Сочинения гр. А. К. Толстого как педагогический материал. Часть 2. Эпические мотивы (Анненский) - страница 9

В хорошо известной балладе «Василий Шибанов» центр не в царе Иване, а в замученном герое – стремянном князя-изменника. Было бы крайней несправедливостью видеть в Шибанове олицетворение привязанности холопьей, почти собачьей. Своим молчанием под пыткой, своей предсмертной молитвой за царя и родину разве он служит господину? Нет, князь Курбской в безопасности, а самоотверженный его слуга служит России, в которой он не хочет множить жертв тяжкого царского гнева. Шибанов воплощает в себе ту народную силу героизма и терпения, которая помогла Руси вынести все ее бедствия. Но уйдем из этого темного мира в сферу просветленной религиозной поэзии, к другому Иоанну, вдохновенному «Дамаскину».

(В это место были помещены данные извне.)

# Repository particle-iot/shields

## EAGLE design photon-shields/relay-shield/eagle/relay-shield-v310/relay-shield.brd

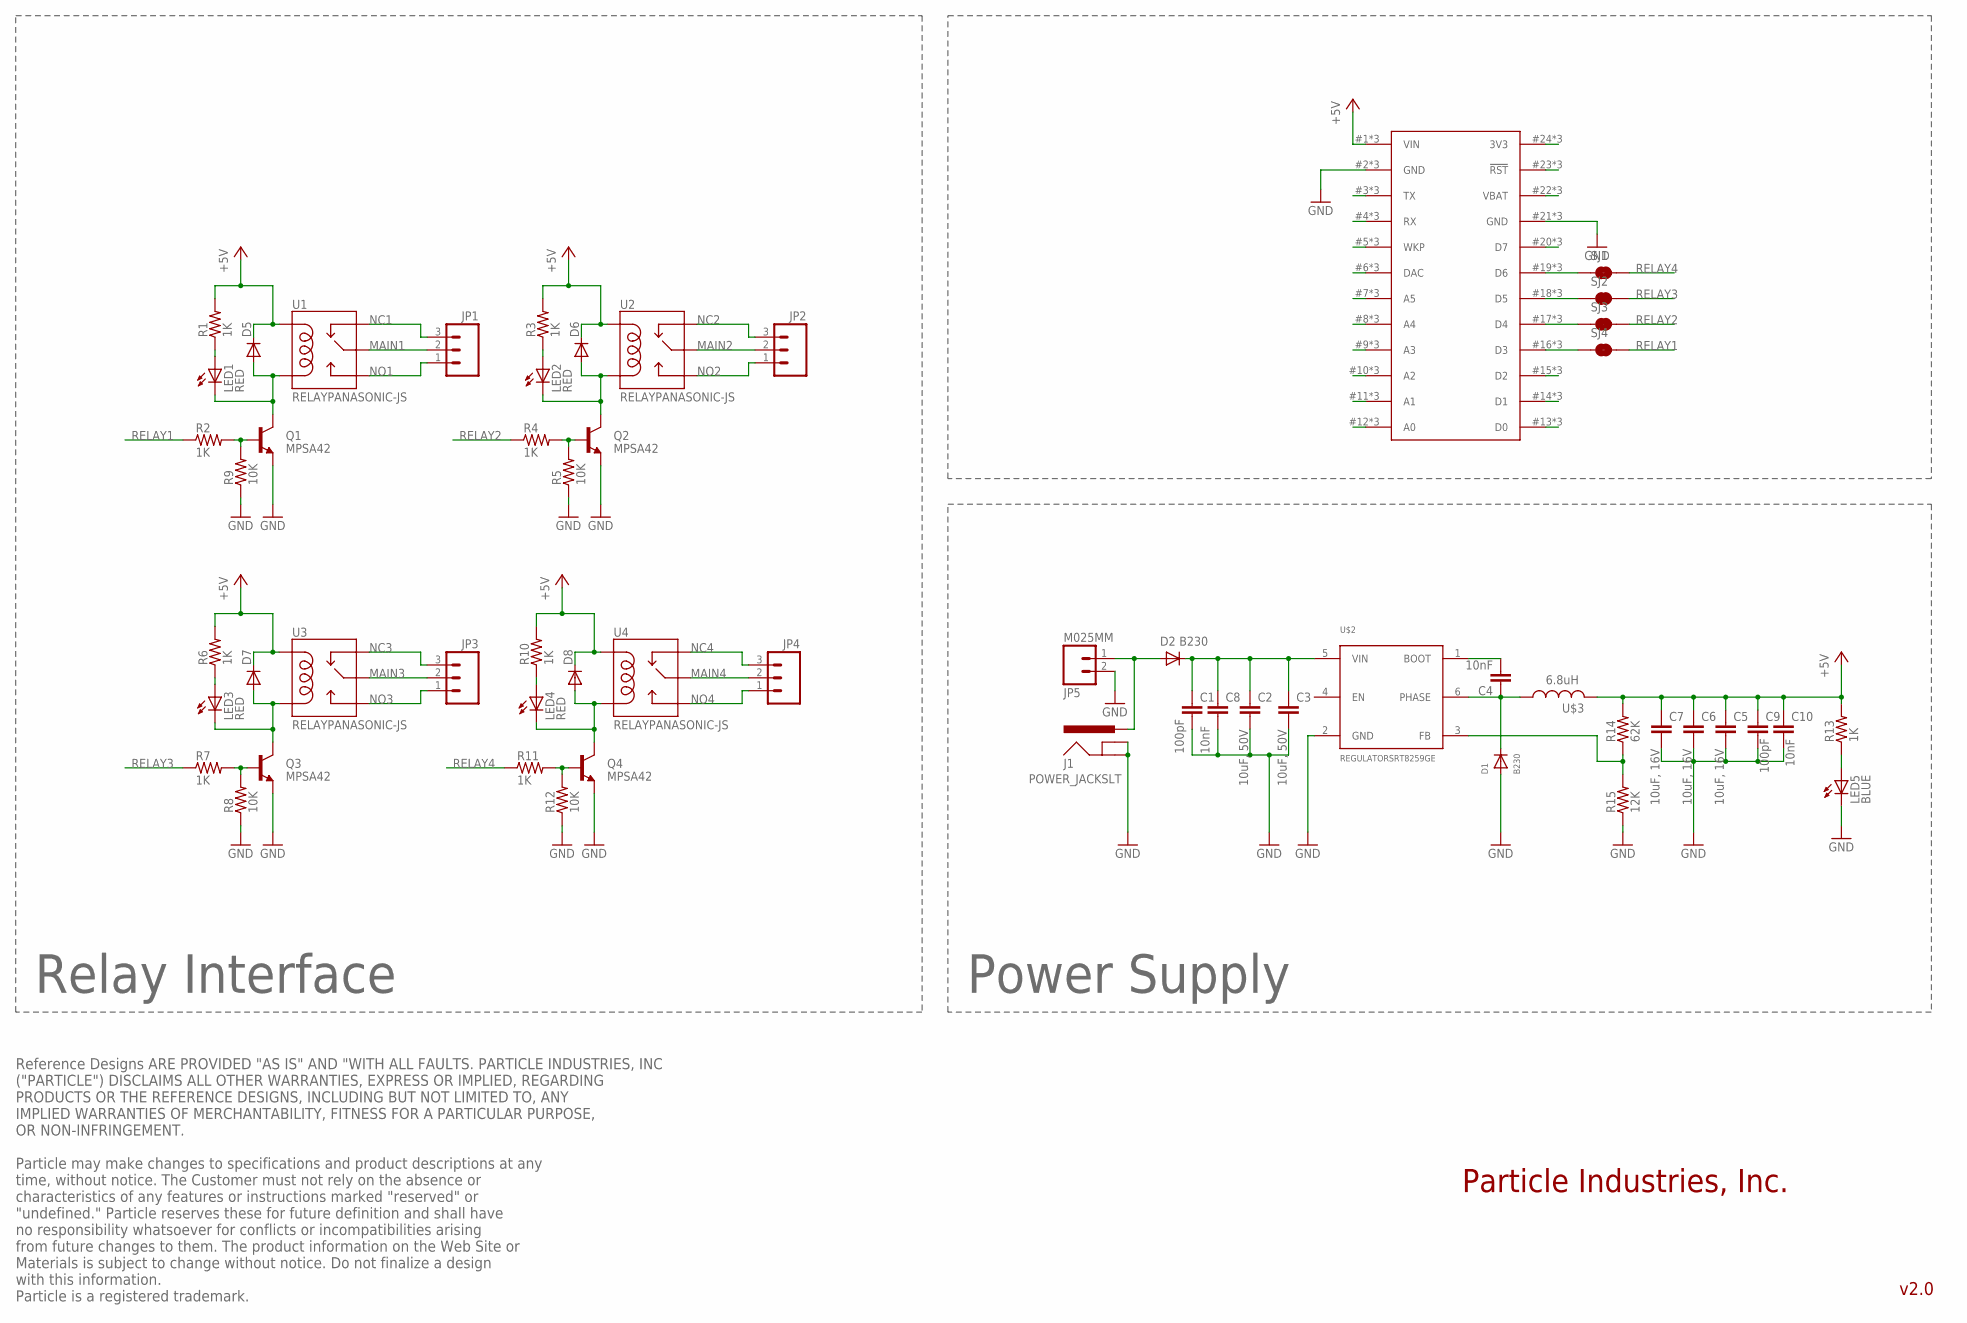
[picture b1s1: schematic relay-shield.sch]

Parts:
C1, C9: 100pF; C0603
C2, C3: 10uF, 50V; 1206
C4: 10nF; 0603-CAP
C5, C6, C7: 10uF, 16V; 1206
C8, C10: 10nF; C0603
D1, D2: B230; SMADIODE
D5, D6, D7, D8: DIODE-SOD123; SOD123
J1: POWER_JACKSLT; POWER_JACK_SLOT
JP1, JP2, JP3, JP4: M03-SCREW-5MM; SCREWTERMINAL-5MM-3
JP5: M025MM; SCREWTERMINAL-5MM-2
LED1, LED2, LED3, LED4: RED; LED-0603
LED5: BLUE; LED-0603
Q1, Q2, Q3, Q4: MPSA42; SOT23
R1, R2, R3, R4, R6, R7, R10, R11, R13: 1K; 0603-RES
R5, R8, R9, R12: 10K; 0603-RES
R14: 62K; 0603-RES
R15: 12K; 0603-RES
SJ1, SJ2, SJ3, SJ4: JUMPER-PAD-2-NC_BY_TRACE; PAD-JUMPER-2-NC_BY_TRACE_YES_SILK
U1, U2, U3, U4: RELAYPANASONIC-JS; JS1-5V-F
U$1: SPARK_CORESTACKABLE; SPARK_CORE_STACKABLE
U$2: REGULATORSRT8259GE; SOT23-6
U$3: INDUCTORS; NR8040T6R8N

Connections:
+5V: C5.1, C6.1, C7.1, C9.1, C10.1, D5.C, D6.C, D7.C, D8.C, R1.2, R3.2, R6.2, R10.2, R13.2, R14.2, U1.COIL1, U2.COIL1, U3.COIL1, U4.COIL1, U$1.1 (VIN), U$1.#1 (VIN), U$1.@1 (VIN), U$3.P$2 (2)
GND: C1.2, C2.2, C3.2, C5.2, C6.2, C7.2, C8.2, C9.2, C10.2, D1.A, J1.GND@1 (GNDBREAK), J1.GND@2 (GND), JP5.2, LED5.C, Q1.2 (E), Q2.2 (E), Q3.2 (E), Q4.2 (E), R5.1, R8.1, R9.1, R12.1, R15.1, U$1.2 (GND), U$1.21 (GND), U$1.#2 (GND), U$1.#21 (GND), U$1.@2 (GND), U$1.@21 (GND), U$2.2 (GND)
MAIN1: JP1.2, U1.COMMON (MAIN)
MAIN2: JP2.2, U2.COMMON (MAIN)
MAIN3: JP3.2, U3.COMMON (MAIN)
MAIN4: JP4.2, U4.COMMON (MAIN)
unnamed: D5.A, LED1.C, Q1.3 (C), U1.COIL2
unnamed: Q2.1 (B), R4.2, R5.2
unnamed: Q1.1 (B), R2.2, R9.2
unnamed: LED1.A, R1.1
unnamed: D6.A, LED2.C, Q2.3 (C), U2.COIL2
unnamed: LED2.A, R3.1
unnamed: Q3.1 (B), R7.2, R8.2
unnamed: D7.A, LED3.C, Q3.3 (C), U3.COIL2
unnamed: LED3.A, R6.1
unnamed: Q4.1 (B), R11.2, R12.2
unnamed: D8.A, LED4.C, Q4.3 (C), U4.COIL2
unnamed: LED4.A, R10.1
unnamed: U$1.15 (D2), U$1.#15 (D2), U$1.@15 (D2)
unnamed: C1.1, C2.1, C3.1, C8.1, D2.C, U$2.5 (VIN)
unnamed: U$1.14 (D1), U$1.#14 (D1), U$1.@14 (D1)
unnamed: LED5.A, R13.1
unnamed: U$1.13 (D0), U$1.#13 (D0), U$1.@13 (D0)
unnamed: U$1.20 (D7), U$1.#20 (D7), U$1.@20 (D7)
unnamed: U$1.22 (VBAT), U$1.#22 (VBAT), U$1.@22 (VBAT)
unnamed: U$1.23 (!RST), U$1.#23 (!RST), U$1.@23 (!RST)
unnamed: U$1.24 (3V3), U$1.#24 (3V3), U$1.@24 (3V3)
unnamed: U$1.12 (A0), U$1.#12 (A0), U$1.@12 (A0)
unnamed: U$1.11 (A1), U$1.#11 (A1), U$1.@11 (A1)
unnamed: U$1.10 (A2), U$1.#10 (A2), U$1.@10 (A2)
unnamed: U$1.9 (A3), U$1.#9 (A3), U$1.@9 (A3)
unnamed: U$1.8 (A4), U$1.#8 (A4), U$1.@8 (A4)
unnamed: U$1.7 (A5), U$1.#7 (A5), U$1.@7 (A5)
unnamed: U$1.6 (DAC), U$1.#6 (DAC), U$1.@6 (DAC)
unnamed: U$1.5 (WKP), U$1.#5 (WKP), U$1.@5 (WKP)
unnamed: U$1.4 (RX), U$1.#4 (RX), U$1.@4 (RX)
unnamed: U$1.3 (TX), U$1.#3 (TX), U$1.@3 (TX)
unnamed: D2.A, J1.PWR, JP5.1
unnamed: SJ1.1, U$1.19 (D6), U$1.#19 (D6), U$1.@19 (D6)
unnamed: C4.1, D1.C, U$2.6 (PHASE), U$3.P$1 (1)
unnamed: C4.2, U$2.1 (BOOT)
unnamed: SJ2.1, U$1.18 (D5), U$1.#18 (D5), U$1.@18 (D5)
unnamed: R14.1, R15.2, U$2.3 (FB)
unnamed: SJ3.1, U$1.17 (D4), U$1.#17 (D4), U$1.@17 (D4)
unnamed: SJ4.1, U$1.16 (D3), U$1.#16 (D3), U$1.@16 (D3)
NC1: JP1.3, U1.CLOSED (NC)
NC2: JP2.3, U2.CLOSED (NC)
NC3: JP3.3, U3.CLOSED (NC)
NC4: JP4.3, U4.CLOSED (NC)
NO1: JP1.1, U1.OPEN (NO)
NO2: JP2.1, U2.OPEN (NO)
NO3: JP3.1, U3.OPEN (NO)
NO4: JP4.1, U4.OPEN (NO)
RELAY1: R2.1, SJ4.2
RELAY2: R4.1, SJ3.2
RELAY3: R7.1, SJ2.2
RELAY4: R11.1, SJ1.2

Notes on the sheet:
Particle Industries, Inc.
Relay Interface
Power Supply
v2.0
6.8uH
Reference Designs ARE PROVIDED "AS IS" AND "WITH ALL FAULTS. PARTICLE INDUSTRIES, INC ("PARTICLE") DISCLAIMS ALL OTHER WARRANTIES, EXPRESS OR IMPLIED, REGARDING PRODUCTS OR THE REFERENCE DESIGNS, INCLUDING BUT NOT LIMITED TO, ANY IMPLIED WARRANTIES OF MERCHANTABILITY, FITNESS FOR A PARTICULAR PURPO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

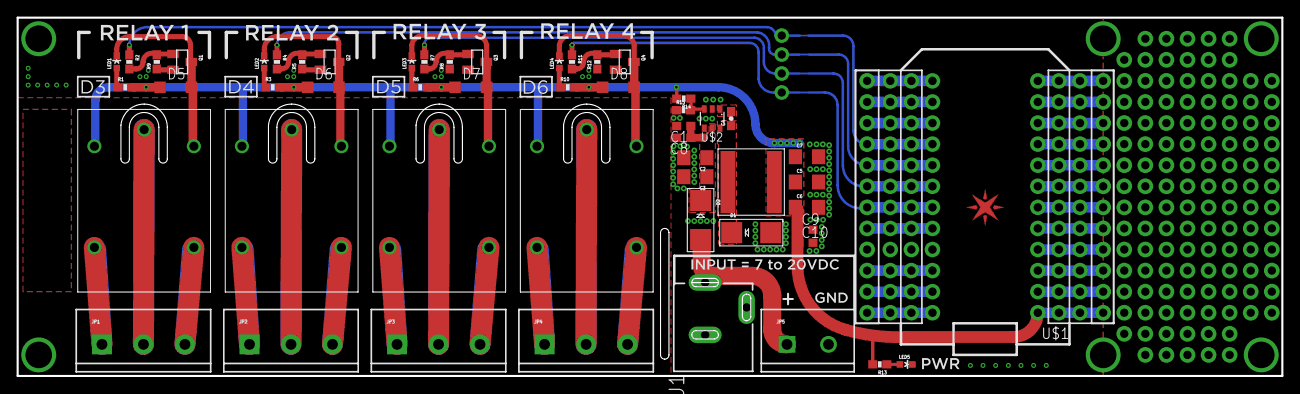
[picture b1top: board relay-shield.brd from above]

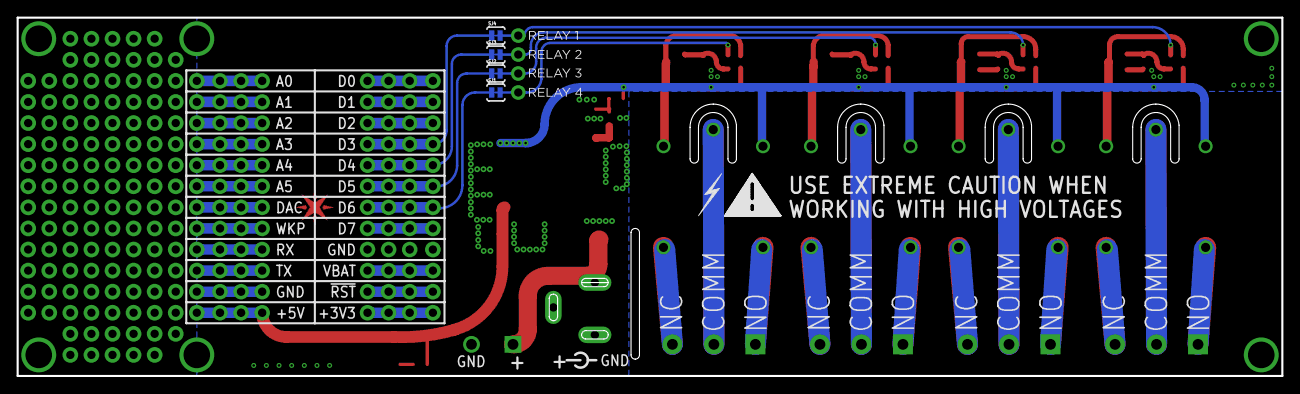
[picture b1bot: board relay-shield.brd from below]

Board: 2 copper layers, 152.4 x 43.2 mm, 58 parts (4 on the bottom side), 57 nets.

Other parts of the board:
E$1: SPARK_LOGO_PLUS_PLANE

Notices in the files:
parts and their libraries:
SparkFun-Connectors: Licensing: CC v3.0 Share-Alike You are welcome to use this library for commercial purposes.

В Иоанне воплощен высший идеал поэта, как его понимал Толстой: этот поэт не может быть ни правителем, ни светским человеком, его мысль отказывается творить в суете или блеске; он ищет для творчества тихую, созерцательную жизнь, одиночество, дикую природу. Там его творчество рождается и питается страстной верой и любовью к Богу – и эта вера, эта любовь проникают все его существо. Нравственный вопрос стоит для поэта на первом плане: прежде всего доброе и злое, а прекрасное есть уже отражение доброго. Поэзия – оболочка и вера – душа поэзии должны быть свободны:

Над вольной мыслью Богу не угодны

Насилие и гнет!

Рядом с Дамаскином вспоминается еще один толстовский певец. Слепого старика зовут петь князю и его гостям после лова, но он опоздал приходом и поет совершенно один, поет долго и вдохновенно. Много сказал он в своей песне прекрасного, поучительного, горячо и глубоко прочувствованного. Но даже камни не грянули ему «аминь!» как достопочтенному Бэде в превосходной пьесе Полонского. Только дубрава, тихо качая ветвями, рассказала ему про его ошибку. Но старик не огорчился; он отвечал, что пел не для награды или славы и не для того, чтобы веселить или учить – он пел из глубокого внутреннего побуждения петь.

Охваченный песнью не может молчать,

Он раб ему чуждого духа,

Вожглась ему в грудь вдохновенья печать,

Неволей или волей он должен вещать,

Что слышит подвластное ухо.

Кончает старик мягким, добрым приветом природе, почтившей его вниманием, и не слыхавшим его людям: он просит у Бога счастья и князю, и его боярам, и народу. Высокая душа сказывается в убогом: душа поэта, чуждая и мелочной зависти, и корысти, душа, полная любви, – она-то и роднит этого нищего с блестящим и гениальным певцом Дамаска. Гений поэта не живет в грязной оболочке.

Жалки кажутся рядом с вдохновенными певцами наемные гусляры в пьесе «Курган»; эти наемники льстиво пророчат своему князю бессмертную жизнь в памяти людей, и их слова умирают, когда родятся; забываются даже раньше, чем слава, которую они воспевают. Мы закончим наш обзор эпических мотивов этой малоколоритной, но, глубокопоучительной балладой. Курган с высокой головой стоит в глубокой степи одиноким, ненужным и загадочным сторожем прошлого.